Tuesday, April 10, 2007

Jacob Hacker: Thinking Realistically About National Health Care

Over at TPM Cafe, Jacob Hacker asks readers to think realistically about our health care problems.



The essence of Sick -- and yes, you still need to read it -- is an animating argument as simple as it is profound: The problem of health insecurity is not a problem experienced only by those on the fringes of American society; it is a problem increasingly affecting all Americans, both directly and indirectly. And the implication of this core argument is equally simple and profound: Any real solution will have to address the problems faced by us all -- rapidly rising costs, widespread gaps in coverage for the insured as well as the uninsured, health care that's not producing a healthy society as well as it could. We can no longer content ourselves with yet another round of gap-filling half-measures aimed at correcting the most egregious failures of our rickety financing structure.

...

Now, when it's clear that private employment-based coverage is failing much of the rest of the population, too, many are calling for an even balder rescue package: huge new subsidies for private insurers, mandates on individuals to enroll in costly insurance that may not even cover their needs, and a new framework for obtaining coverage that will allow private insurance to thrive even as employers' commitment to financing insurance withers.
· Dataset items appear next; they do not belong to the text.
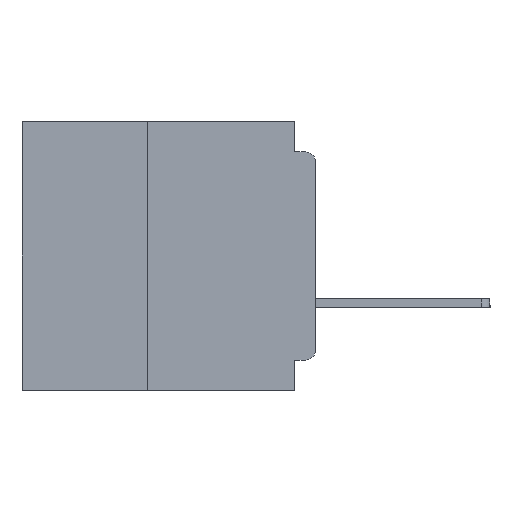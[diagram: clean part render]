
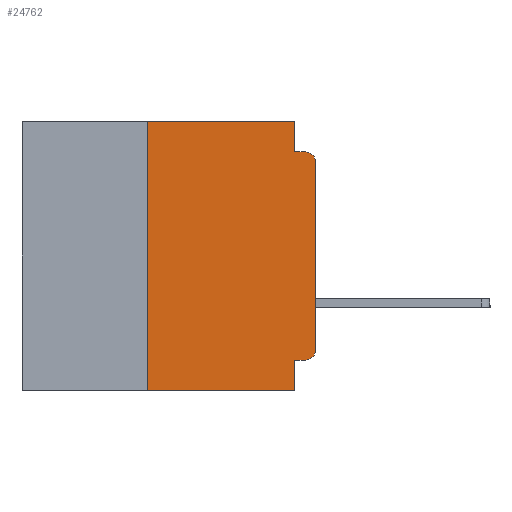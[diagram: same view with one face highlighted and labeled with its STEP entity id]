
A CAD part, left-side view. The second image highlights one B-rep face of the part: STEP entity #24762.
In plain terms, the highlighted planar face has unit normal (-1, 0, 0).
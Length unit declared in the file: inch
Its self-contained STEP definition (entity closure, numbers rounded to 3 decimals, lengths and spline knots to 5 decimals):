
#1228 = DIRECTION ( 'NONE',  ( 0., 0., -1. ) ) ;
#1487 = EDGE_CURVE ( 'NONE', #11538, #4438, #22758, .T. ) ;
#1710 = VECTOR ( 'NONE', #41553, 39.37008 ) ;
#1876 = ORIENTED_EDGE ( 'NONE', *, *, #15142, .T. ) ;
#2514 = VERTEX_POINT ( 'NONE', #6837 ) ;
#2647 = DIRECTION ( 'NONE',  ( 0., 0., 1. ) ) ;
#2866 = EDGE_CURVE ( 'NONE', #4438, #32782, #36854, .T. ) ;
#3825 = PLANE ( 'NONE',  #9781 ) ;
#4109 = ORIENTED_EDGE ( 'NONE', *, *, #8430, .T. ) ;
#4214 = VERTEX_POINT ( 'NONE', #15168 ) ;
#4438 = VERTEX_POINT ( 'NONE', #16455 ) ;
#5883 = EDGE_CURVE ( 'NONE', #2514, #40866, #39458, .T. ) ;
#5969 = DIRECTION ( 'NONE',  ( -1., 0., 0. ) ) ;
#6515 = VECTOR ( 'NONE', #18442, 39.37008 ) ;
#6715 = ORIENTED_EDGE ( 'NONE', *, *, #1487, .F. ) ;
#6837 = CARTESIAN_POINT ( 'NONE',  ( 0., 0.25, -0.4 ) ) ;
#6841 = VERTEX_POINT ( 'NONE', #28641 ) ;
#7636 = CARTESIAN_POINT ( 'NONE',  ( 0., 0., -0.045 ) ) ;
#7894 = CARTESIAN_POINT ( 'NONE',  ( 0., 0.25, -0.4 ) ) ;
#8430 = EDGE_CURVE ( 'NONE', #11538, #4214, #31233, .T. ) ;
#8798 = VECTOR ( 'NONE', #15256, 39.37008 ) ;
#9746 = VECTOR ( 'NONE', #10962, 39.37008 ) ;
#9781 = AXIS2_PLACEMENT_3D ( 'NONE', #30305, #10631, #33502 ) ;
#10403 = ORIENTED_EDGE ( 'NONE', *, *, #39113, .F. ) ;
#10631 = DIRECTION ( 'NONE',  ( 1., 0., 0. ) ) ;
#10962 = DIRECTION ( 'NONE',  ( 0., 0., -1. ) ) ;
#11063 = CARTESIAN_POINT ( 'NONE',  ( 0., 0.031, -0.4 ) ) ;
#11075 = FACE_OUTER_BOUND ( 'NONE', #17409, .T. ) ;
#11167 = EDGE_CURVE ( 'NONE', #33927, #24649, #14686, .T. ) ;
#11420 = ORIENTED_EDGE ( 'NONE', *, *, #33384, .F. ) ;
#11538 = VERTEX_POINT ( 'NONE', #29541 ) ;
#11812 = CIRCLE ( 'NONE', #21671, 0.015 ) ;
#12606 = VECTOR ( 'NONE', #27445, 39.37008 ) ;
#13077 = CARTESIAN_POINT ( 'NONE',  ( 0., 0.015, -0.045 ) ) ;
#13083 = CARTESIAN_POINT ( 'NONE',  ( 0., 0.437, 0. ) ) ;
#14686 = LINE ( 'NONE', #7636, #12606 ) ;
#15040 = CARTESIAN_POINT ( 'NONE',  ( 0., 0., -0.355 ) ) ;
#15142 = EDGE_CURVE ( 'NONE', #6841, #24649, #11812, .T. ) ;
#15168 = CARTESIAN_POINT ( 'NONE',  ( 0., 0., -0.34 ) ) ;
#15256 = DIRECTION ( 'NONE',  ( 0., 1., 0. ) ) ;
#15405 = LINE ( 'NONE', #28184, #6515 ) ;
#16455 = CARTESIAN_POINT ( 'NONE',  ( 0., 0.031, -0.355 ) ) ;
#17409 = EDGE_LOOP ( 'NONE', ( #32861, #1876, #25780, #11420, #10403, #24305, #34990, #37979, #6715, #4109 ) ) ;
#18442 = DIRECTION ( 'NONE',  ( 0., -1., 0. ) ) ;
#19314 = CARTESIAN_POINT ( 'NONE',  ( 0., 0., 0. ) ) ;
#20326 = VECTOR ( 'NONE', #35942, 39.37008 ) ;
#21241 = DIRECTION ( 'NONE',  ( -1., 0., 0. ) ) ;
#21671 = AXIS2_PLACEMENT_3D ( 'NONE', #25807, #5969, #29117 ) ;
#22428 = VERTEX_POINT ( 'NONE', #28543 ) ;
#22758 = LINE ( 'NONE', #15040, #8798 ) ;
#22889 = AXIS2_PLACEMENT_3D ( 'NONE', #40569, #21241, #1228 ) ;
#24305 = ORIENTED_EDGE ( 'NONE', *, *, #5883, .F. ) ;
#24649 = VERTEX_POINT ( 'NONE', #13077 ) ;
#24762 = ADVANCED_FACE ( 'NONE', ( #11075 ), #3825, .F. ) ;
#24904 = CARTESIAN_POINT ( 'NONE',  ( 0., 0.031, -0.045 ) ) ;
#25563 = CARTESIAN_POINT ( 'NONE',  ( 0., 0.031, -0.4 ) ) ;
#25780 = ORIENTED_EDGE ( 'NONE', *, *, #11167, .F. ) ;
#25807 = CARTESIAN_POINT ( 'NONE',  ( 0., 0.015, -0.06 ) ) ;
#26404 = EDGE_CURVE ( 'NONE', #4214, #6841, #32394, .T. ) ;
#27445 = DIRECTION ( 'NONE',  ( 0., -1., 0. ) ) ;
#28184 = CARTESIAN_POINT ( 'NONE',  ( 0., 0.437, -0.4 ) ) ;
#28214 = LINE ( 'NONE', #38343, #1710 ) ;
#28543 = CARTESIAN_POINT ( 'NONE',  ( 0., 0.031, 0. ) ) ;
#28641 = CARTESIAN_POINT ( 'NONE',  ( 0., 0., -0.06 ) ) ;
#28742 = CARTESIAN_POINT ( 'NONE',  ( 0., 0.25, 0. ) ) ;
#28996 = LINE ( 'NONE', #13083, #20326 ) ;
#29117 = DIRECTION ( 'NONE',  ( 0., 0., -1. ) ) ;
#29541 = CARTESIAN_POINT ( 'NONE',  ( 0., 0.015, -0.355 ) ) ;
#30305 = CARTESIAN_POINT ( 'NONE',  ( 0., 0.437, 0. ) ) ;
#30947 = VECTOR ( 'NONE', #37399, 39.37008 ) ;
#31233 = CIRCLE ( 'NONE', #22889, 0.015 ) ;
#31425 = VECTOR ( 'NONE', #2647, 39.37008 ) ;
#32394 = LINE ( 'NONE', #19314, #31425 ) ;
#32640 = EDGE_CURVE ( 'NONE', #2514, #32782, #15405, .T. ) ;
#32782 = VERTEX_POINT ( 'NONE', #25563 ) ;
#32861 = ORIENTED_EDGE ( 'NONE', *, *, #26404, .T. ) ;
#33384 = EDGE_CURVE ( 'NONE', #22428, #33927, #28214, .T. ) ;
#33502 = DIRECTION ( 'NONE',  ( 0., 0., -1. ) ) ;
#33927 = VERTEX_POINT ( 'NONE', #24904 ) ;
#34990 = ORIENTED_EDGE ( 'NONE', *, *, #32640, .T. ) ;
#35942 = DIRECTION ( 'NONE',  ( 0., -1., 0. ) ) ;
#36854 = LINE ( 'NONE', #11063, #9746 ) ;
#37399 = DIRECTION ( 'NONE',  ( 0., 0., 1. ) ) ;
#37979 = ORIENTED_EDGE ( 'NONE', *, *, #2866, .F. ) ;
#38343 = CARTESIAN_POINT ( 'NONE',  ( 0., 0.031, 0. ) ) ;
#39113 = EDGE_CURVE ( 'NONE', #40866, #22428, #28996, .T. ) ;
#39458 = LINE ( 'NONE', #7894, #30947 ) ;
#40569 = CARTESIAN_POINT ( 'NONE',  ( 0., 0.015, -0.34 ) ) ;
#40866 = VERTEX_POINT ( 'NONE', #28742 ) ;
#41553 = DIRECTION ( 'NONE',  ( 0., 0., -1. ) ) ;

Jon rightly implies that this is the wrong approach on both substantive and political grounds. Where I think he goes too far is in suggesting that, in thinking about alternatives, political and fiscal considerations should not be a major concern, or that reaping the gains of public insurance necessarily requires moving toward "Medicare for All" or some other universal public framework in a single fell swoop.


While I agree that the cost factor needs to be addressed, there is also the humanitarian factor of providing health care to all Americans. There is also the savings that will take place because of the economies of scale. There would also be the savings from the external costs (see definition 2b) because workers cannot move to a job of which they are better qualified because the currently need to take into consideration the health benefits that each employer offers.

A well-designed national health care program would also allow Americans to receive treatment anywhere in the U.S. without concern of being "out-of-network." An American citizen, at least in theory, should be able to move from New York to Texas and receive the same quality of care that they would have received where they came from. After all, medical knowledge should not be discernibly different in Alaska than it is in California -- especially with the advent of the internet and the rapid communications and access to information that it provides. Such rapid communications also would allow a doctor who is not ordinarily familiar with a patient's history to get access to information that would reduce the risk of mistreatment.

A national health care system would also open the door to treaties with other countries so that both Americans who are traveling to get treatment abroad, and probably more importantly, alleviate some of the anti-Mexican sentiments and arguments that people from Mexico are draining our hospitals resources because they are treating uninsured patients.

But first, we have to have a consensus that the creation of a national health care system is in our best interests. It seems patently obvious to me that it is, but I'm just an Okie lawyer.